Radiation Vasculopathy


Acknowledgments

We acknowledge Dr. David Liebeskind for assistance with the angiographic images of radiation vasculopathy.

Introduction

Radiation-induced arterial damage was described shortly after the advent of the X-ray by Roentgen in the late 1800s . In the setting of radiation therapy for malignancy, this arterial change has been described in multiple vessels throughout the body, from the capillary bed to the aorta. Pertinent to stroke, radiation therapy to the neck may result in steno-occlusive disease of the carotid and vertebral arteries in patterns atypical for standard atherosclerosis. Furthermore, radiation delivered to cranial targets may result in moyamoya syndrome, cavernomas, arteriovenous malformations (AVMs), and hemorrhage. Radiation injury to cerebral vessels may also be pursued as a therapeutic intervention, for instance, to treat vascular malformations. This chapter discusses the pathophysiology, incidence, monitoring, and treatment of radiation vasculopathy relevant to cerebrovascular disease.

Pathophysiology

Radiation-induced damage to cerebral blood vessels may be divided grossly into acute, subacute, and chronic time periods. Endothelial cells are particularly radiosensitive and are among the first to succumb to radiation damage. In a study of irradiated canine femoral arteries by Fonkalsrud et al., endothelial cell disruption and fibrin deposition was seen within 48 h of radiation exposure. After the 1st week, this initial luminal injury was followed by progressive cellularity, fibrosis, and necrosis of the media, along with hemorrhage and inflammation of the adventitia . Other subacute changes include dilation of the blood vessel lumen, vessel wall thickening, endothelial cell nuclear enlargement, and astrocyte hypertrophy. Within the brain, these vascular changes lead to blood–brain barrier breakdown and accompany perivascular inflammation, edema, necrosis, and demyelination seen in the surrounding brain tissues . Advances in radiation dosage optimization and cotreatment with steroids have reduced the incidence of these acute and subacute complications of radiation.

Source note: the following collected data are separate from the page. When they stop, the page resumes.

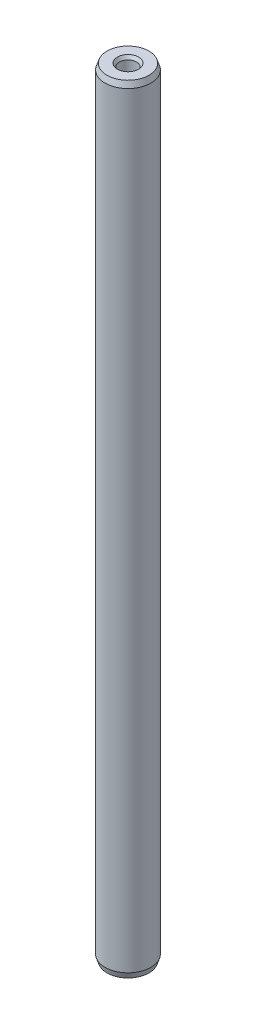
ISO-10303-21;
HEADER;
FILE_DESCRIPTION(('STEP AP214'),'2;1');
FILE_NAME('part.step','',(''),(''),'','','');
FILE_SCHEMA(('AUTOMOTIVE_DESIGN { 1 0 10303 214 1 1 1 1 }'));
ENDSEC;
DATA;
#1=APPLICATION_CONTEXT('core data for automotive mechanical design processes');
#2=APPLICATION_PROTOCOL_DEFINITION('international standard','automotive_design',2000,#1);
#3=PRODUCT_CONTEXT('',#1,'mechanical');
#4=PRODUCT('Part','Part','',(#3));
#5=PRODUCT_RELATED_PRODUCT_CATEGORY('part','',(#4));
#6=PRODUCT_DEFINITION_FORMATION('','',#4);
#7=PRODUCT_DEFINITION_CONTEXT('part definition',#1,'design');
#8=PRODUCT_DEFINITION('design','',#6,#7);
#9=PRODUCT_DEFINITION_SHAPE('','',#8);
#10=(LENGTH_UNIT() NAMED_UNIT(*) SI_UNIT(.MILLI.,.METRE.));
#11=(NAMED_UNIT(*) PLANE_ANGLE_UNIT() SI_UNIT($,.RADIAN.));
#12=(NAMED_UNIT(*) SI_UNIT($,.STERADIAN.) SOLID_ANGLE_UNIT());
#13=UNCERTAINTY_MEASURE_WITH_UNIT(LENGTH_MEASURE(1.E-05),#10,'distance_accuracy_value','');
#14=(GEOMETRIC_REPRESENTATION_CONTEXT(3) GLOBAL_UNCERTAINTY_ASSIGNED_CONTEXT((#13)) GLOBAL_UNIT_ASSIGNED_CONTEXT((#10,
#11,#12)) REPRESENTATION_CONTEXT('',''));
#15=CARTESIAN_POINT('',(0.,0.,0.));
#16=DIRECTION('',(0.,0.,1.));
#17=DIRECTION('',(1.,0.,0.));
#18=AXIS2_PLACEMENT_3D('',#15,#16,#17);
#19=CARTESIAN_POINT('',(-1.06592274227068,53.2859369307251,-1.12643595849704));
#20=DIRECTION('',(0.,-1.,0.));
#21=DIRECTION('',(0.,0.,-1.));
#22=AXIS2_PLACEMENT_3D('',#19,#20,#21);
#23=PLANE('',#22);
#24=CARTESIAN_POINT('',(-1.06592274227068,53.2859369307251,-1.12643595849704));
#25=DIRECTION('',(0.,-1.,0.));
#26=DIRECTION('',(0.,0.,-1.));
#27=AXIS2_PLACEMENT_3D('',#24,#25,#26);
#28=CIRCLE('',#27,1.38429999999998);
#29=CARTESIAN_POINT('',(-1.06592274227068,53.2859369307251,-2.51073595849702));
#30=VERTEX_POINT('',#29);
#31=EDGE_CURVE('E11',#30,#30,#28,.T.);
#32=ORIENTED_EDGE('',*,*,#31,.T.);
#33=EDGE_LOOP('',(#32));
#34=FACE_BOUND('',#33,.T.);
#35=CARTESIAN_POINT('',(-1.06592274227068,53.2859369307251,-1.12643595849704));
#36=DIRECTION('',(0.,1.,0.));
#37=DIRECTION('',(0.,0.,1.));
#38=AXIS2_PLACEMENT_3D('',#35,#36,#37);
#39=CIRCLE('',#38,2.74319999999999);
#40=CARTESIAN_POINT('',(-1.06592274227068,53.2859369307251,1.61676404150295));
#41=VERTEX_POINT('',#40);
#42=EDGE_CURVE('E57',#41,#41,#39,.T.);
#43=ORIENTED_EDGE('',*,*,#42,.T.);
#44=EDGE_LOOP('',(#43));
#45=FACE_BOUND('',#44,.T.);
#46=ADVANCED_FACE('F19',(#34,#45),#23,.F.);
#47=CARTESIAN_POINT('',(-1.06592274227068,52.5239369307251,-1.12643595849704));
#48=DIRECTION('',(0.,-1.,0.));
#49=DIRECTION('',(0.,0.,-1.));
#50=AXIS2_PLACEMENT_3D('',#47,#48,#49);
#51=CONICAL_SURFACE('',#50,2.9972,0.321750554396658);
#52=ORIENTED_EDGE('',*,*,#42,.F.);
#53=EDGE_LOOP('',(#52));
#54=FACE_BOUND('',#53,.T.);
#55=CARTESIAN_POINT('',(-1.06592274227068,52.5239369307251,-1.12643595849704));
#56=DIRECTION('',(0.,1.,0.));
#57=DIRECTION('',(0.,0.,1.));
#58=AXIS2_PLACEMENT_3D('',#55,#56,#57);
#59=CIRCLE('',#58,2.9972);
#60=CARTESIAN_POINT('',(-1.06592274227068,52.5239369307251,1.87076404150296));
#61=VERTEX_POINT('',#60);
#62=EDGE_CURVE('E54',#61,#61,#59,.T.);
#63=ORIENTED_EDGE('',*,*,#62,.T.);
#64=EDGE_LOOP('',(#63));
#65=FACE_BOUND('',#64,.T.);
#66=ADVANCED_FACE('F79',(#54,#65),#51,.T.);
#67=CARTESIAN_POINT('',(-1.06592274227068,53.2859369307251,-1.12643595849704));
#68=DIRECTION('',(0.,1.,0.));
#69=DIRECTION('',(0.,0.,1.));
#70=AXIS2_PLACEMENT_3D('',#67,#68,#69);
#71=CYLINDRICAL_SURFACE('',#70,2.9972);
#72=ORIENTED_EDGE('',*,*,#62,.F.);
#73=EDGE_LOOP('',(#72));
#74=FACE_BOUND('',#73,.T.);
#75=CARTESIAN_POINT('',(-1.06592274227068,-47.5520630692749,-1.12643595849704));
#76=DIRECTION('',(0.,1.,0.));
#77=DIRECTION('',(0.,0.,1.));
#78=AXIS2_PLACEMENT_3D('',#75,#76,#77);
#79=CIRCLE('',#78,2.9972);
#80=CARTESIAN_POINT('',(-1.06592274227068,-47.5520630692749,1.87076404150296));
#81=VERTEX_POINT('',#80);
#82=EDGE_CURVE('E51',#81,#81,#79,.T.);
#83=ORIENTED_EDGE('',*,*,#82,.T.);
#84=EDGE_LOOP('',(#83));
#85=FACE_BOUND('',#84,.T.);
#86=ADVANCED_FACE('F87',(#74,#85),#71,.T.);
#87=CARTESIAN_POINT('',(-1.06592274227068,-48.3140630692749,-1.12643595849704));
#88=DIRECTION('',(0.,1.,0.));
#89=DIRECTION('',(0.,0.,1.));
#90=AXIS2_PLACEMENT_3D('',#87,#88,#89);
#91=CONICAL_SURFACE('',#90,2.74319999999999,0.321750554396658);
#92=ORIENTED_EDGE('',*,*,#82,.F.);
#93=EDGE_LOOP('',(#92));
#94=FACE_BOUND('',#93,.T.);
#95=CARTESIAN_POINT('',(-1.06592274227068,-48.3140630692749,-1.12643595849704));
#96=DIRECTION('',(0.,1.,0.));
#97=DIRECTION('',(0.,0.,1.));
#98=AXIS2_PLACEMENT_3D('',#95,#96,#97);
#99=CIRCLE('',#98,2.74319999999999);
#100=CARTESIAN_POINT('',(-1.06592274227068,-48.3140630692749,1.61676404150295));
#101=VERTEX_POINT('',#100);
#102=EDGE_CURVE('E46',#101,#101,#99,.T.);
#103=ORIENTED_EDGE('',*,*,#102,.T.);
#104=EDGE_LOOP('',(#103));
#105=FACE_BOUND('',#104,.T.);
#106=ADVANCED_FACE('F94',(#94,#105),#91,.T.);
#107=CARTESIAN_POINT('',(1.67727725772931,-48.3140630692749,-1.12643595849704));
#108=DIRECTION('',(0.,1.,0.));
#109=DIRECTION('',(0.,0.,1.));
#110=AXIS2_PLACEMENT_3D('',#107,#108,#109);
#111=PLANE('',#110);
#112=CARTESIAN_POINT('',(-1.06592274227068,-48.3140630692749,-1.12643595849704));
#113=DIRECTION('',(0.,1.,0.));
#114=DIRECTION('',(0.,0.,1.));
#115=AXIS2_PLACEMENT_3D('',#112,#113,#114);
#116=CIRCLE('',#115,1.38429999999998);
#117=CARTESIAN_POINT('',(-1.06592274227068,-48.3140630692749,0.257864041502937));
#118=VERTEX_POINT('',#117);
#119=EDGE_CURVE('E63',#118,#118,#116,.T.);
#120=ORIENTED_EDGE('',*,*,#119,.T.);
#121=EDGE_LOOP('',(#120));
#122=FACE_BOUND('',#121,.T.);
#123=ORIENTED_EDGE('',*,*,#102,.F.);
#124=EDGE_LOOP('',(#123));
#125=FACE_BOUND('',#124,.T.);
#126=ADVANCED_FACE('F98',(#122,#125),#111,.F.);
#127=CARTESIAN_POINT('',(-1.06592274227068,-48.3140630692749,-1.12643595849704));
#128=DIRECTION('',(0.,-1.,0.));
#129=DIRECTION('',(0.,0.,-1.));
#130=AXIS2_PLACEMENT_3D('',#127,#128,#129);
#131=CYLINDRICAL_SURFACE('',#130,1.1303);
#132=CARTESIAN_POINT('',(-1.06592274227068,-47.8741221641525,-1.12643595849704));
#133=DIRECTION('',(0.,1.,0.));
#134=DIRECTION('',(0.,0.,1.));
#135=AXIS2_PLACEMENT_3D('',#132,#133,#134);
#136=CIRCLE('',#135,1.1303);
#137=CARTESIAN_POINT('',(-1.06592274227068,-47.8741221641525,0.00386404150295831));
#138=VERTEX_POINT('',#137);
#139=EDGE_CURVE('E60',#138,#138,#136,.F.);
#140=ORIENTED_EDGE('',*,*,#139,.T.);
#141=EDGE_LOOP('',(#140));
#142=FACE_BOUND('',#141,.T.);
#143=CARTESIAN_POINT('',(-1.06592274227068,-42.5990630692749,-1.12643595849704));
#144=DIRECTION('',(0.,-1.,0.));
#145=DIRECTION('',(0.,0.,-1.));
#146=AXIS2_PLACEMENT_3D('',#143,#144,#145);
#147=CIRCLE('',#146,1.1303);
#148=CARTESIAN_POINT('',(-1.06592274227068,-42.5990630692749,-2.25673595849704));
#149=VERTEX_POINT('',#148);
#150=EDGE_CURVE('E43',#149,#149,#147,.T.);
#151=ORIENTED_EDGE('',*,*,#150,.F.);
#152=EDGE_LOOP('',(#151));
#153=FACE_BOUND('',#152,.T.);
#154=ADVANCED_FACE('F102',(#142,#153),#131,.F.);
#155=CARTESIAN_POINT('',(-1.06592274227068,-42.5990630692749,-1.12643595849704));
#156=DIRECTION('',(0.,-1.,0.));
#157=DIRECTION('',(0.,0.,-1.));
#158=AXIS2_PLACEMENT_3D('',#155,#156,#157);
#159=CONICAL_SURFACE('',#158,1.1303,1.02974425867665);
#160=CARTESIAN_POINT('',(-1.06592274227068,-41.9199103115881,-1.12643595849704));
#161=VERTEX_POINT('',#160);
#162=VERTEX_LOOP('',#161);
#163=FACE_BOUND('',#162,.T.);
#164=ORIENTED_EDGE('',*,*,#150,.T.);
#165=EDGE_LOOP('',(#164));
#166=FACE_BOUND('',#165,.T.);
#167=ADVANCED_FACE('F106',(#163,#166),#159,.F.);
#168=CARTESIAN_POINT('',(-1.06592274227068,53.2859369307251,-1.12643595849704));
#169=DIRECTION('',(0.,1.,0.));
#170=DIRECTION('',(0.,0.,1.));
#171=AXIS2_PLACEMENT_3D('',#168,#169,#170);
#172=CYLINDRICAL_SURFACE('',#171,1.1303);
#173=CARTESIAN_POINT('',(-1.06592274227068,52.8459960256026,-1.12643595849704));
#174=DIRECTION('',(0.,-1.,0.));
#175=DIRECTION('',(0.,0.,-1.));
#176=AXIS2_PLACEMENT_3D('',#173,#174,#175);
#177=CIRCLE('',#176,1.1303);
#178=CARTESIAN_POINT('',(-1.06592274227068,52.8459960256026,-2.25673595849704));
#179=VERTEX_POINT('',#178);
#180=EDGE_CURVE('E27',#179,#179,#177,.F.);
#181=ORIENTED_EDGE('',*,*,#180,.T.);
#182=EDGE_LOOP('',(#181));
#183=FACE_BOUND('',#182,.T.);
#184=CARTESIAN_POINT('',(-1.06592274227068,47.5709369307251,-1.12643595849704));
#185=DIRECTION('',(0.,1.,0.));
#186=DIRECTION('',(0.,0.,1.));
#187=AXIS2_PLACEMENT_3D('',#184,#185,#186);
#188=CIRCLE('',#187,1.1303);
#189=CARTESIAN_POINT('',(-1.06592274227068,47.5709369307251,0.00386404150295766));
#190=VERTEX_POINT('',#189);
#191=EDGE_CURVE('E41',#190,#190,#188,.T.);
#192=ORIENTED_EDGE('',*,*,#191,.F.);
#193=EDGE_LOOP('',(#192));
#194=FACE_BOUND('',#193,.T.);
#195=ADVANCED_FACE('F37',(#183,#194),#172,.F.);
#196=CARTESIAN_POINT('',(-1.06592274227068,47.5709369307251,-1.12643595849704));
#197=DIRECTION('',(0.,1.,0.));
#198=DIRECTION('',(0.,0.,1.));
#199=AXIS2_PLACEMENT_3D('',#196,#197,#198);
#200=CONICAL_SURFACE('',#199,1.1303,1.02974425867665);
#201=CARTESIAN_POINT('',(-1.06592274227068,46.8917841730382,-1.12643595849704));
#202=VERTEX_POINT('',#201);
#203=VERTEX_LOOP('',#202);
#204=FACE_BOUND('',#203,.T.);
#205=ORIENTED_EDGE('',*,*,#191,.T.);
#206=EDGE_LOOP('',(#205));
#207=FACE_BOUND('',#206,.T.);
#208=ADVANCED_FACE('F33',(#204,#207),#200,.F.);
#209=CARTESIAN_POINT('',(-1.06592274227068,-47.8741221641525,-1.12643595849704));
#210=DIRECTION('',(0.,-1.,0.));
#211=DIRECTION('',(0.,0.,-1.));
#212=AXIS2_PLACEMENT_3D('',#209,#210,#211);
#213=CONICAL_SURFACE('',#212,1.1303,0.523598775598293);
#214=ORIENTED_EDGE('',*,*,#119,.F.);
#215=EDGE_LOOP('',(#214));
#216=FACE_BOUND('',#215,.T.);
#217=ORIENTED_EDGE('',*,*,#139,.F.);
#218=EDGE_LOOP('',(#217));
#219=FACE_BOUND('',#218,.T.);
#220=ADVANCED_FACE('F36',(#216,#219),#213,.F.);
#221=CARTESIAN_POINT('',(-1.06592274227068,52.8459960256026,-1.12643595849704));
#222=DIRECTION('',(0.,1.,0.));
#223=DIRECTION('',(0.,0.,1.));
#224=AXIS2_PLACEMENT_3D('',#221,#222,#223);
#225=CONICAL_SURFACE('',#224,1.1303,0.523598775598293);
#226=ORIENTED_EDGE('',*,*,#31,.F.);
#227=EDGE_LOOP('',(#226));
#228=FACE_BOUND('',#227,.T.);
#229=ORIENTED_EDGE('',*,*,#180,.F.);
#230=EDGE_LOOP('',(#229));
#231=FACE_BOUND('',#230,.T.);
#232=ADVANCED_FACE('F21',(#228,#231),#225,.F.);
#233=CLOSED_SHELL('',(#46,#66,#86,#106,#126,#154,#167,#195,#208,#220,#232));
#234=MANIFOLD_SOLID_BREP('B1',#233);
#235=ADVANCED_BREP_SHAPE_REPRESENTATION('',(#18,#234),#14);
#236=SHAPE_DEFINITION_REPRESENTATION(#9,#235);
ENDSEC;
END-ISO-10303-21;

Of increasing prevalence are the chronic effects of radiation to large vessels, both intracranially and extracranially. Histological sections of chronic large vessel radiation vasculopathy show connective tissue proliferation, dense hyalinization of the vessel wall, including thickening of the intima, internal elastic lamina, and adventitia . There are several pathological features that separate radiation vasculopathy from other forms of vascular disease ( Fig. 113.1 ). For instance, in studies of coronary arteries affected by radiation vasculopathy, medial thinning, and adventitial fibrosis distinguished these vessels from standard coronary atherosclerosis . Furthermore, the severe atherosclerotic change was limited to vessels within the field of irradiation.

Figure 113.1, The “many faces” of radiation-induced vasculopathy. All panels are micrographs from portions of glioblastoma in two subjects who had previously been radiated, including one autopsy and one surgical specimen. (A) Meningeal artery, arrows indicate internal elastic lamina (IEL). Note pronounced intimal hyperplasia between IEL and lumen. (B) Arrows indicate two arteries with marked thickening of their walls resulting from proliferation of various cellular elements. Surrounding brain parenchyma shows pronounced reactive change. (C) Arrows indicate fibrinoid necrosis in arteries at the edge of glioblastoma. (D) Arrows indicate hyaline, non-amyloid thickening of an artery in a radiated glioblastoma. (All micrographs are from H&E-stained sections.)

Another distinguishing feature unique to radiation vasculopathy is the direct damage to the vascular endothelium. Endothelial cells are exquisitely sensitive to the effects of radiation, and this initial insult may provide the inflammatory nidus for further atherosclerosis. Additionally, endothelial cell loss in the vasa vasorum leads to progressive dysfunction of the vessel’s own blood supply, gradually choking the arterial wall of circulation and leading to further stenosis . The prominent damage to the vasa vasorum also separates radiation vasculopathy from traditional atherosclerosis. Interestingly, it is often noted that large vessels with significant stenosis due to radiation are associated with abundant collateral vasculature . Formation of these collaterals is a testament to the slow progressive nature of radiation vasculopathy and may allude to the angiogenic nature of radiation as well.

As for additional similarities to traditional atherosclerosis, risk factors such as diabetes, smoking, hyperlipidemia, and hypertension have an additive effect on irradiated vessels. Although these comorbid genetic and environmental pressures may hasten the development of stenosis in irradiated vessels, the progression is still relatively slow. Studies of the prevalence of radiation vasculopathy have established that these long-term pathological changes occur over years to decades.